Previously (up to RouterOS v7.16), the following ACL rules were used successfully on a CRS-series MikroTik switch to restrict traffic on a specific port (e.g., ether41-node102) to allow only one IP address (e.g., 192.168.1.30) and block all other traffic:
/interface ethernet switch rule
add switch=switch1 ports=ether41-node102 src-address=192.168.1.30/32 comment=“Allow only IP 192.168.1.30”
add switch=switch1 ports=ether41-node102 new-dst-ports=“” comment=“Block all other IPs”
Issue Observed:
After upgrading to RouterOS v7.17, the above configuration started blocking ARP packets as well, resulting in connectivity issues because the allowed host could no longer resolve MAC addresses.
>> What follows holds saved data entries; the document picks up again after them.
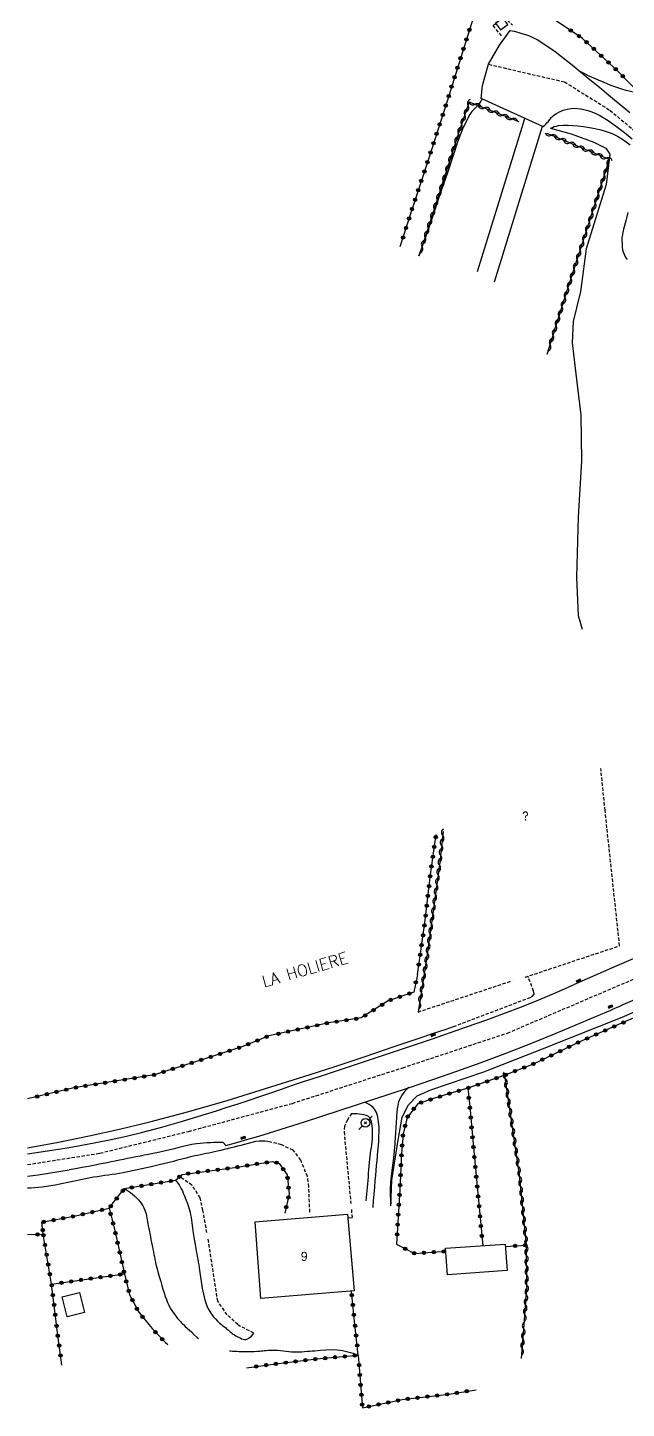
# Model space of a CAD drawing. Header units: millimetres. Extents: x 222014 to 223000, y 61000 to 62001.
# Drawn here: x 222014 to 222104.7, y 61158.3 to 61367.6 of the extents above; entities that cross this region are included whole.
import ezdxf
from ezdxf.enums import TextEntityAlignment as Align

# ---------------------------------------------------------------- set-up
doc = ezdxf.new("R2010")
doc.units = ezdxf.units.MM
doc.linetypes.add('DASHED', pattern=[0.75, 0.5, -0.25])
doc.layers.get('0').update_dxf_attribs({"linetype": 'CONTINUOUS'})
for name, color, linetype in [('W0001', 6, 'DASHED'), ('W0008', 7, 'CONTINUOUS'), ('W0017', 7, 'CONTINUOUS'), ('W0071', 7, 'CONTINUOUS'), ('W0101', 7, 'CONTINUOUS'), ('W0104', 1, 'CONTINUOUS'), ('W0112', 1, 'DASHED'), ('W0211', 2, 'CONTINUOUS'), ('W0214', 2, 'CONTINUOUS'), ('W0310', 3, 'CONTINUOUS'), ('W0322', 7, 'CONTINUOUS'), ('W0323', 7, 'CONTINUOUS'), ('W0401', 7, 'CONTINUOUS'), ('W0473', 7, 'CONTINUOUS'), ('W0989', 7, 'CONTINUOUS'), ('W0991', 7, 'CONTINUOUS')]:
    doc.layers.add(name, color=color, linetype=linetype)
doc.styles.get("Standard").update_dxf_attribs({"font": 'romans.shx', "width": 0.85})

# ---------------------------------------------------------------- blocks, each defined once
blk = doc.blocks.new('T401')
for p, q in [((-0.3, 0.3), (0, 0.3)), ((-0.3, -0.25), (-0.3, 0.3)), ((-0.3, 0.15), (0, 0.15)), ((-0.3, 0), (0, 0)), ((0, 0.3), (0, -0.25)), ((-0.3, -0.15), (0, -0.15)), ((-0.3, -0.25), (-0.3, -0.3)), ((-0.3, -0.3), (0, -0.3)), ((0, -0.3), (0, -0.25))]:
    blk.add_line(p, q)
blk = doc.blocks.new('T473')
for p, q in [((-0.166667, 0.166667), (0.166667, -0.166667)), ((-0.166667, -0.166667), (0.166667, 0.166667)), ((0.500001, 0.500001), (1.000002, 1.000002)), ((-1.000002, -1.000002), (-0.500001, -0.500001))]:
    blk.add_line(p, q)
blk.add_ellipse((0, 0), major_axis=(0.471405, 0.471405), ratio=1, start_param=5.4977871438, end_param=11.780972451)
blk = doc.blocks.new('t323o')
at = {"color": 0, "linetype": 'Continuous'}
for radius in [0.25, 0.15]:
    blk.add_circle((0, 0), radius, dxfattribs=at)
blk = doc.blocks.new('t310o')
at = {"color": 0, "linetype": 'Continuous'}
for centre, start, end in [((-0.5, 0.38), 216.8699, 323.1304), ((0.5, -0.37), 36.8699, 143.1303)]:
    blk.add_arc(centre, 0.625, start, end, dxfattribs=at)
blk = doc.blocks.new('t322o')
at = {"color": 0, "linetype": 'Continuous'}
for radius in [0.25, 0.15]:
    blk.add_circle((0, 0), radius, dxfattribs=at)

msp = doc.modelspace()

# ---------------------------------------------------------------- linework, layer by layer
at = {"layer": 'W0001'}
for points in [[(222083.82, 61362), (222095.3, 61359.33), (222102.18, 61355.04), (222112.39, 61346.45), (222118.85, 61340.06), (222121.97, 61334.25), (222123.5, 61329.18), (222123.62, 61322.93), (222123.49, 61315.96), (222123.43, 61306.57), (222123.04, 61297.56), (222124.14, 61293.38), (222125.99, 61288.37), (222129.23, 61282.23), (222132.15, 61278.94), (222136.65, 61276.85), (222140.35, 61276.07), (222153.39, 61274.63), (222167.99, 61272.94), (222176.51, 61270.16), (222181.23, 61263.5), (222184.66, 61253.01)], [(222014, 61195.25), (222024.95, 61196.98), (222038.38, 61200.28), (222054.1, 61204.53), (222070.81, 61209.93), (222086.69, 61215.19), (222109.39, 61224.91), (222121.59, 61230.22), (222139.24, 61237.3), (222150.78, 61241.61), (222159.8, 61245.51), (222172.4, 61248.09), (222184.66, 61253.01)]]:
    msp.add_lwpolyline(points, dxfattribs=at)
at = {"layer": 'W0008'}
for points in [[(222082.71, 61356.82), (222082.91, 61358.76), (222083.82, 61362), (222085.48, 61364.89), (222087.09, 61367.14)], [(222087.09, 61367.14), (222087.68, 61367.01), (222088.25, 61366.86), (222088.82, 61366.69), (222089.39, 61366.5), (222089.84, 61366.34), (222090.29, 61366.16), (222090.73, 61365.96), (222091.16, 61365.74), (222091.87, 61365.32), (222092.55, 61364.87), (222093.22, 61364.4), (222093.88, 61363.92), (222094.86, 61363.18), (222095.82, 61362.42), (222096.77, 61361.64), (222097.72, 61360.87), (222099.16, 61359.7), (222100.6, 61358.52), (222102.03, 61357.34), (222103.45, 61356.15), (222105.18, 61354.7)], [(222092.13, 61352.54), (222082.71, 61356.82)], [(222092.13, 61352.54), (222092.29, 61352.73), (222092.46, 61352.92), (222092.63, 61353.11), (222092.81, 61353.3), (222093.08, 61353.61), (222093.35, 61353.94), (222093.65, 61354.25), (222093.98, 61354.51), (222094.53, 61354.81), (222095.11, 61355.03), (222095.7, 61355.2), (222096.31, 61355.3), (222096.79, 61355.33), (222097.27, 61355.31), (222097.75, 61355.25), (222098.22, 61355.15), (222098.85, 61354.99), (222099.46, 61354.79), (222100.06, 61354.54), (222100.64, 61354.25), (222101.94, 61353.47), (222103.17, 61352.58), (222104.37, 61351.65), (222105.55, 61350.72)], [(222109.84, 61228.19), (222103.24, 61225.36), (222096.67, 61222.48)], [(222014, 61196.88), (222016, 61197.17), (222018, 61197.47), (222019.99, 61197.8), (222021.98, 61198.15), (222024.31, 61198.59), (222026.64, 61199.06), (222028.95, 61199.56), (222031.26, 61200.12), (222034.11, 61200.87), (222036.95, 61201.69), (222039.77, 61202.54), (222042.59, 61203.41), (222044.24, 61203.94), (222045.89, 61204.48), (222047.54, 61205.03), (222049.18, 61205.58), (222050.83, 61206.14), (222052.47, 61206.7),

Temporary Workaround (confirmed working):
To restore previous behavior, it became necessary to explicitly permit ARP traffic separately:
/interface ethernet switch rule
add switch=switch1 ports=ether41-node102 mac-protocol=arp src-address=192.168.1.30/32 comment=“Allow ARP explicitly”
add switch=switch1 ports=ether41-node102 src-address=192.168.1.30/32 comment=“Allow IP explicitly”
add switch=switch1 ports=ether41-node102 new-dst-ports=“” comment=“Block all other traffic”
Note: This explicit ARP allowance was not previously required (before v7.17).
Request to MikroTik Team:
Please confirm if this behavior change is intentional or a regression introduced in RouterOS v7.17. Clarification or potential restoration of the previous implicit ARP-passing behavior would be appreciated.
It obviously works fine if it also blocks ARP.
You wrote it yourself in the rules: match 192.168.1.30/32 and block everything else.
ARP doesn’t use IP… so it’s rightly blocked.
it is understood that if I do not select any mac protocol it should be all of them
Yes, it does. But still for ex. an ARP packet does not have a src-address, as it is not using IP. So it does not match the 1st pass rule, but does match the 2nd “block all” rule and hence gets dropped.
I would suggest to restrict your ACL rules to IP mac-protocol (0x0800) and let everything else (ARP, IGMP, …) pass:
/interface ethernet switch rule
add switch=switch1 ports=ether41-node102 mac-protocol=ip src-address=192.168.1.30/32 comment="Allow only IP 192.168.1.30"
add switch=switch1 ports=ether41-node102 mac-protocol=ip src-address=0.0.0.0/32 comment="Allow DHCP requests"
add switch=switch1 ports=ether41-node102 mac-protocol=ip new-dst-ports="comment="Block all other IPs"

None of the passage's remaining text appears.